Practice is great! Girls want to meet guys as much as guys want to meet girls! Here is my take on how to do it respectfully:
1) Do not limit yourself to only the prettiest girls. The whole beautiful girl/rich guy dichotomy is ugly. Do you want to be seen as a full-spectrum human being and not just a walking wallet? Then see girls as full-spectrum human beings and not just tits on legs.
2) For god's sake, do not set up a lose-lose situation for the other person. SeanDev's practice method has two possible outcomes: if the girl does not like him, well then he just added to the endless stream of go-nowhere "sales calls" that she has to answer all day long; but if she does like him, then she feels sad and disappointed that he didn't call for a date. The whole thing is just so... disingenuous and defeatist.
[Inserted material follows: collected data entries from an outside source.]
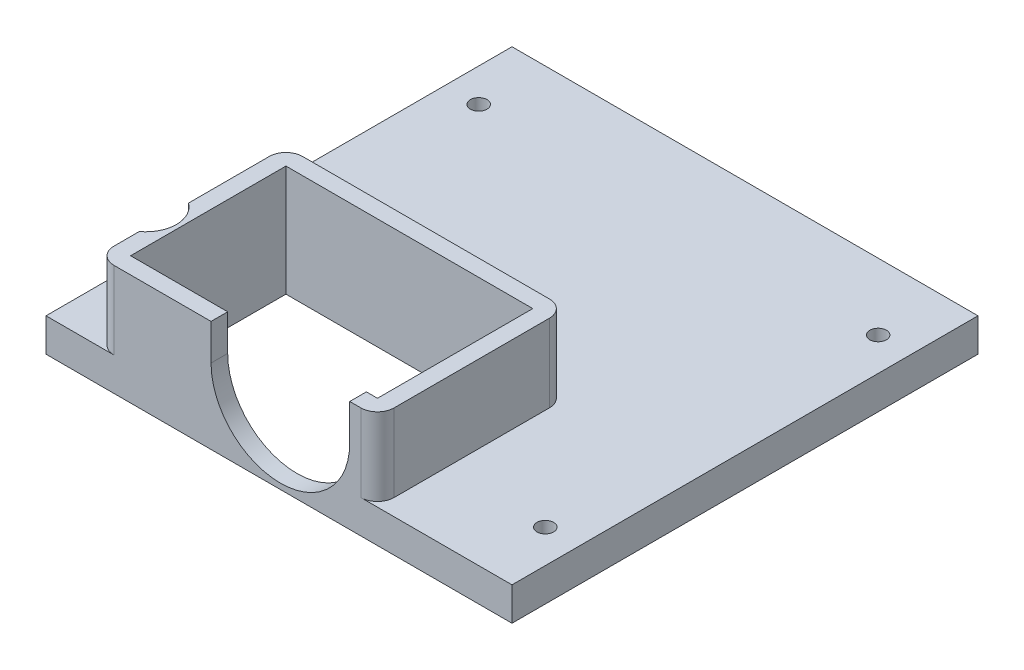
SolidWorks part; units mm, degrees
material "PVB"
ref_plane "Front Plane" through (0, 0, 0) normal (0, 0, 1) x (1, 0, 0)
ref_plane "Top Plane" through (0, 0, 0) normal (0, 1, 0) x (1, 0, 0)
ref_plane "Right Plane" through (0, 0, 0) normal (1, 0, 0) x (0, 0, -1)
sketch "Sketch1" plane through (0, 0, 0) normal (0, 1, 0) x (1, 0, 0)
  line L1 (0, 0) -> (84, 0)
  line L2 (0, 0) -> (0, 84)
  line L3 (0, 84) -> (84, 84)
  line L4 (84, 0) -> (84, 84)
  dimension "D1" = 84
  dimension "D2" = 84
extrude "Boss-Extrude1" add sketch "Sketch1" along normal blind 6
sketch "Sketch2" plane through (0, 6, 0) normal (0, 1, 0) x (1, 0, 0)
  line L0 (84, 84) -> (0, 84) construction
  line L1 (0, 84) -> (0, 0) construction
  line L2 (0, 0) -> (84, 0) construction
  line L3 (84, 0) -> (84, 84) construction
  circle A0 centre (6, 72) radius 1.5
  circle A1 centre (6, 12) radius 1.5
  circle A2 centre (78, 12) radius 1.5
  circle A3 centre (78, 72) radius 1.5
  dimension "D1" = 3
  dimension "D2" = 3
  dimension "D3" = 3
  dimension "D4" = 3
  dimension "D6" = 6
  dimension "D7" = 12
  dimension "D8" = 6
  dimension "D9" = 6
  dimension "D10" = 12
  dimension "D11" = 6
  dimension "D5" = 12
  dimension "D12" = 12
extrude "Cut-Extrude1" cut sketch "Sketch2" against normal through all
ref_plane "Plane1" through (0, 0, -42) normal (0, 0, 1) x (1, 0, 0)
sketch "Sketch4" plane through (0, 6, 0) normal (0, 1, 0) x (1, 0, 0)
  line L0 (3, 21) -> (3, 9)
  line L1 (3, 9) -> (13, 9)
  line L2 (13, 15) -> (8, 21)
  line L3 (3, 21) -> (8, 21)
  line L4 (8, 21) -> (13, 15)
  line L5 (13, 15) -> (13, 9)
  line L6 (0, 84) -> (0, 0) construction
  line L7 (0, 0) -> (84, 0) construction
  circle A0 centre (6, 12) radius 1.5
  circle A1 centre (6, 12) radius 1.5 construction
  dimension "D1" = 3
  dimension "D2" = 9
  dimension "D3" = 12
  dimension "D4" = 10
  dimension "D5" = 6
  dimension "D6" = 5
ref_plane "Plane2" through (42, 0, 0) normal (-1, 0, 0) x (0, 0, 1)
sketch "Sketch5" plane through (0, 6, 0) normal (0, 1, 0) x (1, 0, 0)
  line L0 (9.25, 34) -> (9.25, 0)
  line L1 (9.25, 34) -> (59.75, 34)
  line L2 (9.25, 0) -> (59.75, 0)
  line L3 (59.75, 34) -> (59.75, 0)
  line L4 (9.25, 34) -> (59.75, 0) construction
  line L5 (9.25, 0) -> (59.75, 34) construction
  line L6 (42, 3.3) -> (42, -3.3) construction
  line L12 (0, 0) -> (84, 0) construction
  point P1 (34.5, 17)
  dimension "D1" = 50.5
  dimension "D2" = 34
  dimension "D3" = 7.5
extrude "Boss-Extrude2" add sketch "Sketch5" along normal blind 22
sketch "Sketch6" plane through (0, 28, 0) normal (0, 1, 0) x (1, 0, 0)
  line L14 (56.75, 31) -> (12.25, 31)
  line L15 (12.25, 31) -> (12.25, 3)
  line L16 (12.25, 3) -> (56.75, 3)
  line L17 (56.75, 3) -> (56.75, 31)
  line L18 (56.75, 31) -> (12.25, 31)
  line L19 (12.25, 31) -> (12.25, 3)
  line L20 (12.25, 3) -> (56.75, 3)
  line L21 (56.75, 3) -> (56.75, 31)
  dimension "D1" = 3
extrude "Cut-Extrude5" cut sketch "Sketch6" against normal blind 25
fillet "Fillet1" radius 3 4 edges at (9.25, 17, -34) (59.75, 17, 0) (59.75, 17, -34) (9.25, 17, 0)
sketch "Sketch8" plane through (0, 0, 0) normal (0, 0, 1) x (1, 0, 0)
  line L1 (0, 0) -> (84, 0) construction
  line L3 (59.75, 28) -> (59.75, 6) construction
  circle A0 centre (42.25, 13.5) radius 12.5
  dimension "D2" = 25
  dimension "D1" = 17.5
  dimension "D3" = 13.5
extrude "Cut-Extrude6" cut sketch "Sketch8" against normal blind 10
sketch "Sketch9" plane through (0, 0, 0) normal (0, 0, 1) x (1, 0, 0)
  line L0 (0, 0) -> (84, 0) construction
  line L1 (0, 28) -> (84, 28)
  line L2 (0, 28) -> (0, 20)
  line L3 (0, 20) -> (84, 20)
  line L4 (84, 28) -> (84, 20)
  line L5 (84, 6) -> (84, 0) construction
  line L6 (0, 6) -> (0, 0) construction
  line L7 (12.25, 28) -> (56.75, 28) construction
  dimension "D1" = 20
extrude "Cut-Extrude7" cut sketch "Sketch9" against normal through all both and the other way through all
sketch "Sketch11" plane through (0, 0, 0) normal (0, -1, 0) x (1, 0, 0)
  line L0 (3, -9) -> (13, -9)
  line L1 (13, -9) -> (13, -15)
  line L2 (13, -15) -> (8, -21)
  line L3 (8, -21) -> (3, -21)
  line L4 (3, -21) -> (3, -9)
extrude "Cut-Extrude8" cut sketch "Sketch11" against normal blind 3
mirror "Mirror1" about plane through (0, 0, -42) normal (0, 0, 1) of "Cut-Extrude8" second plane through (42, 0, 0) second plane normal (-1, 0, 0)
sketch "Sketch13" plane through (0, 20, 0) normal (0, 1, 0) x (1, 0, 0)
  line L12 (52.9271, 0) -> (56.75, 0)
  line L13 (59.75, 3) -> (59.75, 31)
  line L14 (56.75, 34) -> (12.25, 34)
  line L15 (9.25, 31) -> (9.25, 3)
  line L16 (12.25, 0) -> (31.5729, 0)
  line L17 (12.25, 0) -> (31.5729, 0)
  line L18 (31.5729, 0) -> (31.5729, 3)
  line L19 (31.5729, 0) -> (31.5729, 3)
  line L20 (31.5729, 3) -> (12.25, 3)
  line L21 (31.5729, 3) -> (12.25, 3)
  line L22 (12.25, 3) -> (12.25, 31)
  line L23 (12.25, 3) -> (12.25, 31)
  line L24 (52.9271, 0) -> (56.75, 0)
  line L25 (59.75, 3) -> (59.75, 31)
  line L26 (56.75, 34) -> (12.25, 34)
  line L27 (9.25, 31) -> (9.25, 3)
  line L37 (12.25, 31) -> (56.75, 31)
  line L38 (12.25, 31) -> (56.75, 31)
  line L39 (56.75, 31) -> (56.75, 3)
  line L40 (56.75, 31) -> (56.75, 3)
  line L41 (56.75, 3) -> (52.9271, 3)
  line L42 (56.75, 3) -> (52.9271, 3)
  line L43 (52.9271, 3) -> (52.9271, 0)
  line L44 (52.9271, 3) -> (52.9271, 0)
  circle A0 centre (6, 12) radius 1.5 construction
  circle A1 centre (6, 12) radius 1.5
  circle A2 centre (6, 12) radius 5.5
  arc A11 (56.75, 0) -> (59.75, 3) centre (56.75, 3) ccw
  arc A12 (56.75, 0) -> (59.75, 3) centre (56.75, 3) ccw
  arc A13 (59.75, 31) -> (56.75, 34) centre (56.75, 31) ccw
  arc A14 (59.75, 31) -> (56.75, 34) centre (56.75, 31) ccw
  arc A15 (12.25, 34) -> (9.25, 31) centre (12.25, 31) ccw
  arc A24 (12.25, 34) -> (9.25, 31) centre (12.25, 31) ccw
  arc A25 (9.25, 3) -> (12.25, 0) centre (12.25, 3) ccw
  arc A26 (9.25, 3) -> (12.25, 0) centre (12.25, 3) ccw
  dimension "D2" = 11
  dimension "D1" = 0
extrude "Cut-Extrude9" cut sketch "Sketch13" against normal up to surface (14 mm away) contours L27 A2 L23
sketch "Sketch14" plane through (0, 0, 0) normal (0, 0, 1) x (1, 0, 0)
  line L0 (29.75, 13.5) -> (29.75, 20)
  line L1 (31.5729, 20) -> (12.25, 20) construction
  line L2 (29.75, 20) -> (31.5729, 20)
  line L3 (31.5729, 20) -> (29.75, 13.5)
  arc A0 (31.5729, 20) -> (52.9271, 20) centre (42.25, 13.5) ccw construction
extrude "Cut-Extrude10" cut sketch "Sketch14" against normal blind 10
sketch "Sketch15" plane through (0, 0, 0) normal (0, 0, 1) x (1, 0, 0)
  line L0 (54.75, 20) -> (54.75, 13.5)
  line L1 (56.75, 20) -> (52.9271, 20) construction
  line L2 (54.75, 20) -> (52.9271, 20)
  line L3 (52.9271, 20) -> (54.75, 13.5)
  arc A0 (29.75, 13.5) -> (52.9271, 20) centre (42.25, 13.5) ccw construction
extrude "Cut-Extrude11" cut sketch "Sketch15" against normal blind 10
sketch "Sketch17" plane through (0, 0, 0) normal (0, -1, 0) x (1, 0, 0)
  line L0 (8.8333, -9) -> (8.8333, -20)
  line L1 (13, -9) -> (3, -9) construction
  line L2 (8, -21) -> (13, -15) construction
  line L3 (8.8333, -20) -> (13, -15)
  line L4 (13, -15) -> (13, -9)
  line L5 (13, -9) -> (8.8333, -9)
  dimension "D1" = 11
extrude "Boss-Extrude3" add sketch "Sketch17" against normal up to surface (3 mm away) up to face at (7.7, 3, -15.18)
sketch "Sketch18" plane through (0, 3, 0) normal (0, 1, 0) x (1, 0, 0)
  line L8 (35.4677, 3) -> (35.4677, 10)
  line L9 (35.4677, 10) -> (49.0323, 10)
  line L10 (49.0323, 10) -> (49.0323, 3)
  line L11 (49.0323, 3) -> (56.75, 3)
  line L12 (56.75, 3) -> (56.75, 31)
  line L13 (56.75, 31) -> (12.25, 31)
  line L14 (12.25, 31) -> (12.25, 3)
  line L15 (12.25, 3) -> (35.4677, 3)
extrude "Cut-Extrude14" cut sketch "Sketch18" against normal blind 4
sketch "Sketch20" plane through (0, 0, 0) normal (0, -1, 0) x (1, 0, 0)
  line L1 (35.4677, -10) -> (49.0323, -10)
  line L2 (35.4677, -10) -> (35.4677, -3)
  line L3 (35.4677, -3) -> (49.0323, -3)
  line L4 (49.0323, -10) -> (49.0323, -3)
extrude "Cut-Extrude15" cut sketch "Sketch20" against normal blind 4

3) Practice in an environment where girls are actually looking to meet guys. Dating sites is one obvious example, bars is another. Ambushing women as they go about their daily business is problematic. Human interactions are complex and there are no scripts but the closer you can get to implied consent the better.
3a) It's hard for anyone to meet sexually/intellectually/temperamentally compatible people on the street. I am a conventionally attractive woman; I've been approached on the street probably over 10,000 times (a totally unscientific but conservative back-of-the-envelope estimate) and I can tell you that it's never led to anything. Bars and parties have better outcomes, and being out and about doing fun stuff has yet better outcomes. For example yoga and volunteering are over-run by women, at least in cities where I've lived.
4) The initial conversation with someone you want to get with is no different than the initial conversation with someone you have no interest in getting with. I think that's the hardest thing for some guys to wrap their head around, hence all the weird "cheat codes for women" floating about. Social anxiety is a real thing but there is no rule that you need to hit on the prettiest girl in the room to get over it. I've practiced my social skills on strangers that I have no interest in, and it's helped me a lot. Granted my social anxiety is not very high to begin with - if yours is debilitating, see a doctor, it's treatable!
Speaking of social anxiety. I don't want to re-open the whole Scott Aaronson debacle either but since you mentioned him I'd like to point out that he actually went to a physician to request castration as a solution to his social anxiety issues so we are talking about an exceptionally disturbed individual who attempted a full-on sexual suicide. The vast majority of people - men and women both - are not looking to "kill" themselves so I think it's superfluous to bring him into this discussion. I don't mean that as a jab, I just mean that it is unhelpful to mentally lump yourself in with someone like SA.
Solid advice, and I like your point about SA--his experience was extreme enough that I wouldn't be surprised if it's totally unique, and yet everyone wants to have a debate as if his is typical or representative.
Sometimes the girl will feel good and confident the whole day after receiving a compliment, as long as it is in a polite and respectful way, even when they ignore it or roll their eyes to it...anyway it's a delicate matter.
Yes, the exercise anecdotally served the purpose of improving his confidence. But no, your assumption that he would be unable to ask for a number he really wanted is unfounded and has nothing to do with your false analogy.
Also, asking for something you're not emotionally invested in has little bearing to asking for something you're emotionally invested in. As an example: Asking someone you only just met for their number bears little resemblance to asking a someone you really like to go for coffee or dinner with you... when you're emotionally invested, rejection stings.
The analogy would be to throw the ball, but not look if he missed it or not. It's like practicing free throws by blindly throwing ball to basket's general direction and not knowing of outcome.
If someone is completely terrified of even attempting a free throw, then there's no sense in worrying whether they sink the shot. Until that terror is overcome, the fact that they try at all is a success.